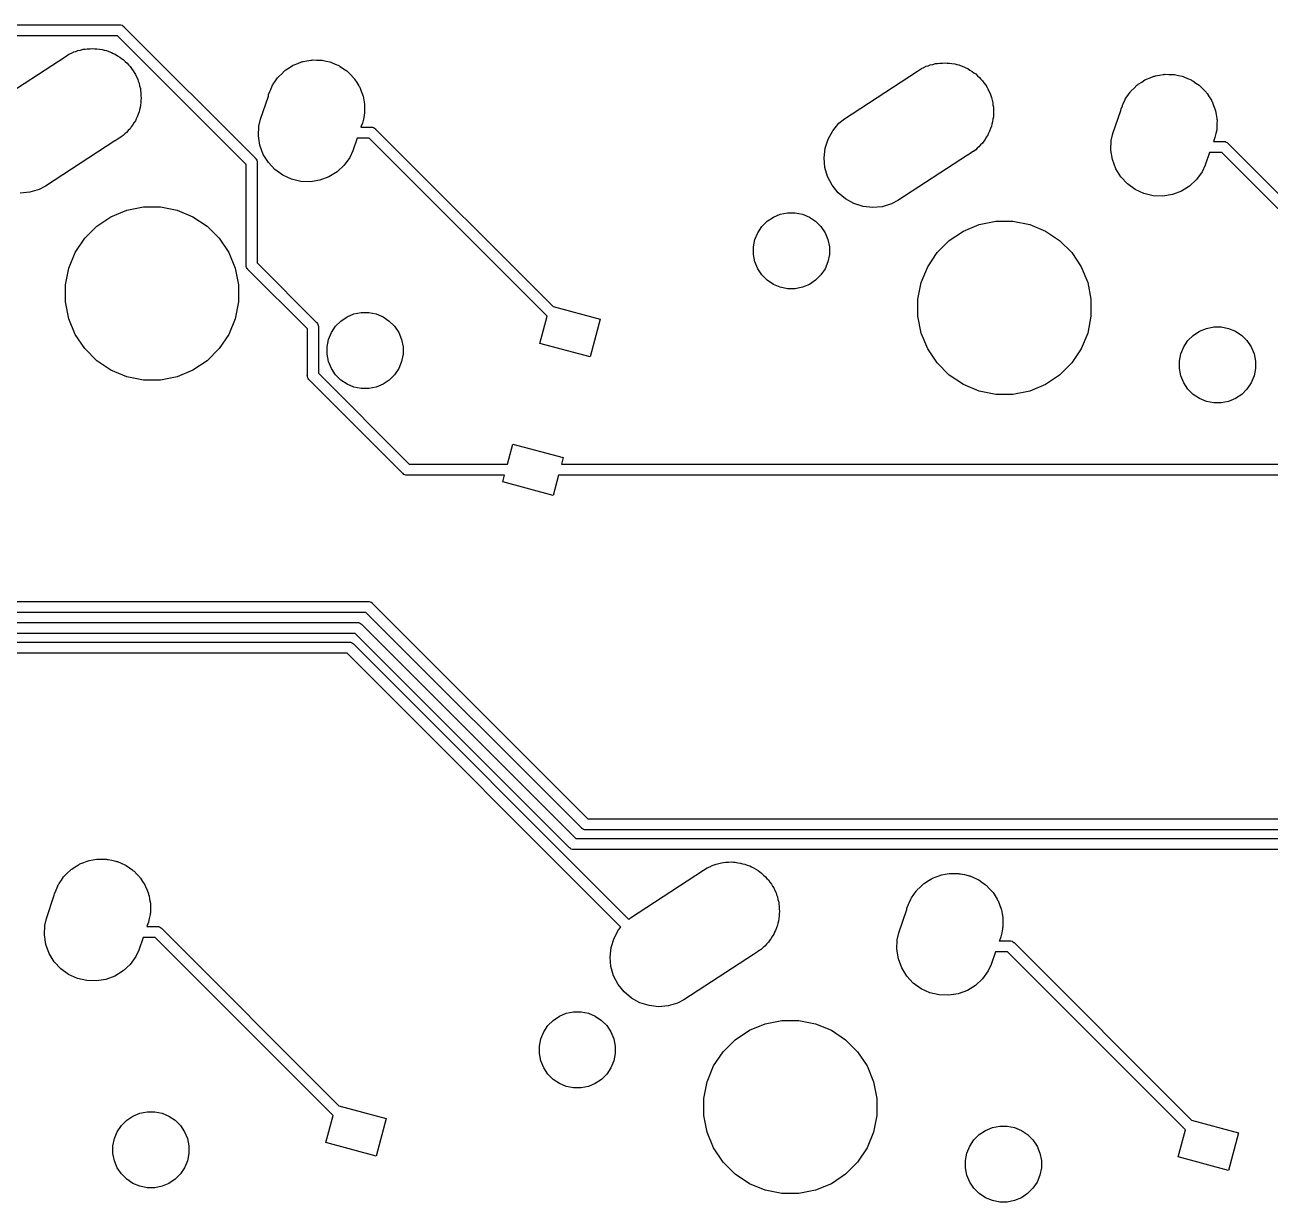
# Model space of a CAD drawing. Extents: x -662 to -203, y -195 to -58.
# Drawn here: x -463.02 to -434.34, y -129.6 to -102.5 of the extents above; entities that cross this region are included whole.
import ezdxf

# ---------------------------------------------------------------- set-up
doc = ezdxf.new("R2010")
doc.units = 0
doc.layers.add('BLACK', color=7, linetype='CONTINUOUS')

msp = doc.modelspace()

# ---------------------------------------------------------------- linework, layer by layer
at = {"layer": 'BLACK', "linetype": 'CONTINUOUS'}
for p, q in [((-469.145, -102.501), (-460.842, -102.501)), ((-460.842, -102.501), (-460.836, -102.501)), ((-460.836, -102.501), (-460.83, -102.501)), ((-460.83, -102.501), (-460.811, -102.503)), ((-460.811, -102.503), (-460.787, -102.51)), ((-460.787, -102.51), (-460.765, -102.522)), ((-460.765, -102.522), (-460.745, -102.538)), ((-460.745, -102.538), (-460.742, -102.543)), ((-460.742, -102.543), (-457.716, -105.569)), ((-460.888, -102.755), (-469.099, -102.755)), ((-457.928, -105.716), (-460.888, -102.755)), ((-463.78, -104.332), (-462.095, -103.234)), ((-462.095, -103.234), (-462.009, -103.176)), ((-462.009, -103.176), (-461.951, -103.152)), ((-461.951, -103.152), (-461.896, -103.124)), ((-461.896, -103.124), (-461.849, -103.11)), ((-461.849, -103.11), (-461.804, -103.091)), ((-461.804, -103.091), (-461.743, -103.079)), ((-461.743, -103.079), (-461.684, -103.062)), ((-461.684, -103.062), (-461.635, -103.058)), ((-461.635, -103.058), (-461.586, -103.048)), ((-461.586, -103.048), (-461.524, -103.048)), ((-461.524, -103.048), (-461.463, -103.043)), ((-461.463, -103.043), (-461.414, -103.048)), ((-461.414, -103.048), (-461.365, -103.048)), ((-461.365, -103.048), (-461.304, -103.06)), ((-461.304, -103.06), (-461.243, -103.067)), ((-461.243, -103.067), (-461.196, -103.082)), ((-461.196, -103.082), (-461.147, -103.091)), ((-461.147, -103.091), (-461.09, -103.115)), ((-461.09, -103.115), (-461.031, -103.134)), ((-461.031, -103.134), (-460.988, -103.157)), ((-460.988, -103.157), (-460.943, -103.176)), ((-460.943, -103.176), (-460.891, -103.211)), ((-460.891, -103.211), (-460.837, -103.24)), ((-460.837, -103.24), (-460.799, -103.272)), ((-460.799, -103.272), (-460.758, -103.299)), ((-460.758, -103.299), (-460.715, -103.343)), ((-460.715, -103.343), (-460.667, -103.383)), ((-460.667, -103.383), (-460.637, -103.421)), ((-460.637, -103.421), (-460.602, -103.456)), ((-460.602, -103.456), (-460.567, -103.507)), ((-460.567, -103.507), (-460.529, -103.556)), ((-457.013, -103.535), (-456.936, -103.488)), ((-456.936, -103.488), (-456.861, -103.437)), ((-456.861, -103.437), (-456.842, -103.43)), ((-456.842, -103.43), (-456.824, -103.419)), ((-456.824, -103.419), (-456.74, -103.387)), ((-456.74, -103.387), (-456.656, -103.353)), ((-456.656, -103.353), (-456.636, -103.349)), ((-456.636, -103.349), (-456.617, -103.341)), ((-456.617, -103.341), (-456.527, -103.327)), ((-456.527, -103.327), (-456.439, -103.309)), ((-456.439, -103.309), (-456.418, -103.309)), ((-456.418, -103.309), (-456.398, -103.306)), ((-456.398, -103.306), (-456.308, -103.309)), ((-456.308, -103.309), (-456.217, -103.309)), ((-456.217, -103.309), (-456.197, -103.313)), ((-456.197, -103.313), (-456.176, -103.314)), ((-456.176, -103.314), (-456.088, -103.335)), ((-456.088, -103.335), (-456, -103.353)), ((-456, -103.353), (-455.981, -103.36)), ((-455.981, -103.36), (-455.961, -103.365)), ((-455.961, -103.365), (-455.879, -103.403)), ((-455.879, -103.403), (-455.795, -103.437)), ((-455.795, -103.437), (-455.778, -103.449)), ((-455.778, -103.449), (-455.759, -103.457)), ((-455.759, -103.457), (-455.686, -103.51)), ((-455.686, -103.51), (-455.611, -103.56)), ((-442.462, -103.564), (-442.375, -103.506)), ((-442.375, -103.506), (-442.318, -103.483)), ((-442.318, -103.483), (-442.263, -103.454)), ((-442.263, -103.454), (-442.216, -103.44)), ((-442.216, -103.44), (-442.17, -103.422)), ((-442.17, -103.422), (-442.109, -103.409)), ((-442.109, -103.409), (-442.05, -103.392)), ((-442.05, -103.392), (-442.001, -103.388)), ((-442.001, -103.388), (-441.953, -103.378)), ((-441.953, -103.378), (-441.891, -103.378)), ((-441.891, -103.378), (-441.829, -103.373)), ((-441.829, -103.373), (-441.78, -103.378)), ((-441.78, -103.378), (-441.731, -103.378)), ((-441.731, -103.378), (-441.671, -103.39)), ((-441.671, -103.39), (-441.609, -103.397)), ((-441.609, -103.397), (-441.562, -103.412)), ((-441.562, -103.412), (-441.514, -103.422)), ((-441.514, -103.422), (-441.457, -103.445)), ((-441.457, -103.445), (-441.398, -103.464)), ((-441.398, -103.464), (-441.355, -103.488)), ((-441.355, -103.488), (-441.309, -103.506)), ((-441.309, -103.506), (-441.258, -103.541)), ((-460.529, -103.556), (-460.506, -103.599)), ((-460.506, -103.599), (-460.479, -103.64)), ((-460.479, -103.64), (-460.455, -103.697)), ((-460.455, -103.697), (-460.426, -103.752)), ((-460.426, -103.752), (-460.413, -103.8)), ((-460.413, -103.8), (-460.394, -103.845)), ((-457.305, -103.866), (-457.252, -103.792)), ((-457.252, -103.792), (-457.202, -103.717)), ((-457.202, -103.717), (-457.187, -103.703)), ((-457.187, -103.703), (-457.175, -103.686)), ((-457.175, -103.686), (-457.109, -103.624)), ((-457.109, -103.624), (-457.045, -103.56)), ((-457.045, -103.56), (-457.028, -103.549)), ((-457.028, -103.549), (-457.013, -103.535)), ((-455.611, -103.56), (-455.596, -103.575)), ((-455.596, -103.575), (-455.58, -103.587)), ((-455.58, -103.587), (-455.518, -103.653)), ((-455.518, -103.653), (-455.454, -103.717)), ((-455.454, -103.717), (-455.443, -103.734)), ((-455.443, -103.734), (-455.429, -103.749)), ((-455.429, -103.749), (-455.381, -103.826)), ((-444.146, -104.662), (-442.462, -103.564)), ((-441.258, -103.541), (-441.203, -103.571)), ((-441.203, -103.571), (-441.166, -103.602)), ((-441.166, -103.602), (-441.125, -103.63)), ((-441.125, -103.63), (-441.081, -103.673)), ((-441.081, -103.673), (-441.034, -103.713)), ((-441.034, -103.713), (-441.003, -103.751)), ((-441.003, -103.751), (-440.968, -103.786)), ((-440.968, -103.786), (-440.934, -103.838)), ((-437.379, -103.865), (-437.302, -103.818)), ((-437.302, -103.818), (-437.227, -103.768)), ((-437.227, -103.768), (-437.208, -103.76)), ((-437.208, -103.76), (-437.191, -103.749)), ((-437.191, -103.749), (-437.106, -103.717)), ((-437.106, -103.717), (-437.022, -103.683)), ((-437.022, -103.683), (-437.002, -103.679)), ((-437.002, -103.679), (-436.983, -103.672)), ((-436.983, -103.672), (-436.894, -103.657)), ((-436.894, -103.657), (-436.805, -103.64)), ((-436.805, -103.64), (-436.785, -103.64)), ((-436.785, -103.64), (-436.764, -103.636)), ((-436.764, -103.636), (-436.674, -103.64)), ((-436.674, -103.64), (-436.584, -103.64)), ((-436.584, -103.64), (-436.563, -103.644)), ((-436.563, -103.644), (-436.543, -103.644)), ((-436.543, -103.644), (-436.455, -103.665)), ((-436.455, -103.665), (-436.366, -103.683)), ((-436.366, -103.683), (-436.347, -103.691)), ((-436.347, -103.691), (-436.327, -103.695)), ((-436.327, -103.695), (-436.245, -103.733)), ((-436.245, -103.733), (-436.161, -103.768)), ((-436.161, -103.768), (-436.144, -103.779)), ((-436.144, -103.779), (-436.126, -103.788)), ((-436.126, -103.788), (-436.052, -103.84)), ((-460.394, -103.845), (-460.382, -103.906)), ((-460.382, -103.906), (-460.364, -103.965)), ((-460.364, -103.965), (-460.36, -104.014)), ((-460.36, -104.014), (-460.351, -104.062)), ((-460.351, -104.062), (-460.351, -104.124)), ((-457.416, -104.141), (-457.41, -104.106)), ((-457.41, -104.106), (-457.381, -104.036)), ((-457.381, -104.036), (-457.374, -104.017)), ((-457.374, -104.017), (-457.359, -103.985)), ((-457.359, -103.985), (-457.325, -103.901)), ((-457.325, -103.901), (-457.313, -103.884)), ((-457.313, -103.884), (-457.305, -103.866)), ((-455.381, -103.826), (-455.331, -103.901)), ((-455.331, -103.901), (-455.323, -103.92)), ((-455.323, -103.92), (-455.312, -103.938)), ((-455.312, -103.938), (-455.281, -104.023)), ((-455.281, -104.023), (-455.246, -104.106)), ((-455.246, -104.106), (-455.242, -104.126)), ((-440.934, -103.838), (-440.895, -103.886)), ((-440.895, -103.886), (-440.872, -103.93)), ((-440.872, -103.93), (-440.845, -103.97)), ((-440.845, -103.97), (-440.821, -104.028)), ((-440.821, -104.028), (-440.793, -104.083)), ((-440.793, -104.083), (-440.779, -104.13)), ((-437.618, -104.123), (-437.568, -104.047)), ((-437.568, -104.047), (-437.554, -104.033)), ((-437.554, -104.033), (-437.542, -104.016)), ((-437.542, -104.016), (-437.475, -103.955)), ((-437.475, -103.955), (-437.411, -103.891)), ((-437.411, -103.891), (-437.394, -103.879)), ((-437.394, -103.879), (-437.379, -103.865)), ((-436.052, -103.84), (-435.977, -103.891)), ((-435.977, -103.891), (-435.963, -103.905)), ((-435.963, -103.905), (-435.946, -103.917)), ((-435.946, -103.917), (-435.884, -103.983)), ((-435.884, -103.983), (-435.82, -104.047)), ((-435.82, -104.047), (-435.809, -104.064)), ((-435.809, -104.064), (-435.795, -104.079)), ((-435.795, -104.079), (-435.748, -104.156)), ((-460.363, -104.345), (-460.369, -104.406)), ((-460.351, -104.284), (-460.363, -104.345)), ((-460.351, -104.124), (-460.345, -104.186)), ((-460.345, -104.186), (-460.351, -104.235)), ((-460.351, -104.235), (-460.351, -104.284)), ((-457.599, -104.671), (-457.416, -104.141)), ((-455.242, -104.126), (-455.235, -104.145)), ((-455.235, -104.145), (-455.22, -104.235)), ((-455.22, -104.235), (-455.203, -104.324)), ((-455.203, -104.324), (-455.203, -104.344)), ((-455.203, -104.344), (-455.2, -104.364)), ((-455.2, -104.364), (-455.203, -104.455)), ((-440.779, -104.13), (-440.76, -104.175)), ((-440.76, -104.175), (-440.748, -104.236)), ((-440.748, -104.236), (-440.731, -104.295)), ((-440.731, -104.295), (-440.727, -104.344)), ((-440.727, -104.344), (-440.717, -104.393)), ((-440.717, -104.393), (-440.717, -104.454)), ((-437.776, -104.436), (-437.747, -104.366)), ((-437.747, -104.366), (-437.74, -104.347)), ((-437.74, -104.347), (-437.726, -104.315)), ((-437.726, -104.315), (-437.691, -104.232)), ((-437.691, -104.232), (-437.68, -104.215)), ((-437.68, -104.215), (-437.671, -104.196)), ((-437.671, -104.196), (-437.618, -104.123)), ((-435.748, -104.156), (-435.697, -104.232)), ((-435.697, -104.232), (-435.69, -104.251)), ((-435.69, -104.251), (-435.679, -104.268)), ((-435.679, -104.268), (-435.647, -104.353)), ((-435.647, -104.353), (-435.613, -104.436)), ((-460.46, -104.661), (-460.479, -104.706)), ((-460.436, -104.617), (-460.46, -104.661)), ((-460.418, -104.558), (-460.436, -104.617)), ((-460.394, -104.501), (-460.418, -104.558)), ((-460.384, -104.453), (-460.394, -104.501)), ((-460.369, -104.406), (-460.384, -104.453)), ((-457.637, -104.833), (-457.599, -104.671)), ((-455.228, -104.674), (-455.246, -104.762)), ((-455.208, -104.586), (-455.228, -104.674)), ((-455.207, -104.565), (-455.208, -104.586)), ((-455.203, -104.545), (-455.207, -104.565)), ((-455.203, -104.455), (-455.203, -104.545)), ((-444.276, -104.766), (-444.146, -104.662)), ((-440.729, -104.675), (-440.736, -104.736)), ((-440.717, -104.614), (-440.729, -104.675)), ((-440.717, -104.454), (-440.712, -104.516)), ((-440.712, -104.516), (-440.717, -104.565)), ((-440.717, -104.565), (-440.717, -104.614)), ((-437.965, -105.002), (-437.783, -104.471)), ((-437.783, -104.471), (-437.776, -104.436)), ((-435.613, -104.436), (-435.609, -104.457)), ((-435.609, -104.457), (-435.601, -104.476)), ((-435.601, -104.476), (-435.587, -104.565)), ((-435.587, -104.565), (-435.569, -104.654)), ((-435.569, -104.654), (-435.569, -104.674)), ((-435.569, -104.674), (-435.566, -104.695)), ((-460.646, -104.934), (-460.685, -104.981)), ((-460.602, -104.89), (-460.646, -104.934)), ((-460.574, -104.849), (-460.602, -104.89)), ((-460.543, -104.812), (-460.574, -104.849)), ((-460.513, -104.757), (-460.543, -104.812)), ((-460.479, -104.706), (-460.513, -104.757)), ((-457.645, -105.054), (-457.637, -104.833)), ((-455.275, -104.833), (-455.284, -104.857)), ((-455.284, -104.857), (-455.046, -104.857)), ((-455.246, -104.762), (-455.275, -104.833)), ((-455.046, -104.857), (-455.04, -104.857)), ((-455.04, -104.857), (-455.033, -104.857)), ((-455.033, -104.857), (-455.015, -104.859)), ((-455.015, -104.859), (-454.991, -104.866)), ((-454.991, -104.866), (-454.969, -104.878)), ((-454.969, -104.878), (-454.949, -104.894)), ((-454.949, -104.894), (-454.945, -104.899)), ((-454.945, -104.899), (-450.86, -108.985)), ((-444.525, -105.13), (-444.418, -104.936)), ((-444.418, -104.936), (-444.276, -104.766)), ((-440.803, -104.948), (-440.826, -104.991)), ((-440.784, -104.889), (-440.803, -104.948)), ((-440.76, -104.831), (-440.784, -104.889)), ((-440.751, -104.783), (-440.76, -104.831)), ((-440.736, -104.736), (-440.751, -104.783)), ((-435.574, -104.916), (-435.595, -105.004)), ((-435.573, -104.895), (-435.574, -104.916)), ((-435.569, -104.875), (-435.573, -104.895)), ((-435.566, -104.695), (-435.569, -104.785)), ((-435.569, -104.785), (-435.569, -104.875)), ((-460.949, -105.172), (-462.551, -106.217)), ((-460.943, -105.17), (-460.949, -105.172)), ((-460.856, -105.112), (-460.943, -105.17)), ((-460.815, -105.085), (-460.856, -105.112)), ((-460.81, -105.081), (-460.815, -105.085)), ((-460.758, -105.047), (-460.81, -105.081)), ((-460.724, -105.012), (-460.758, -105.047)), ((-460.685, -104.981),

**Instructions to follow**
Your answer should be each line from the preceding material in which the word "BLACK" occurs.

**Answer section**
doc.layers.add('BLACK', color=7, linetype='CONTINUOUS')
at = {"layer": 'BLACK', "linetype": 'CONTINUOUS'}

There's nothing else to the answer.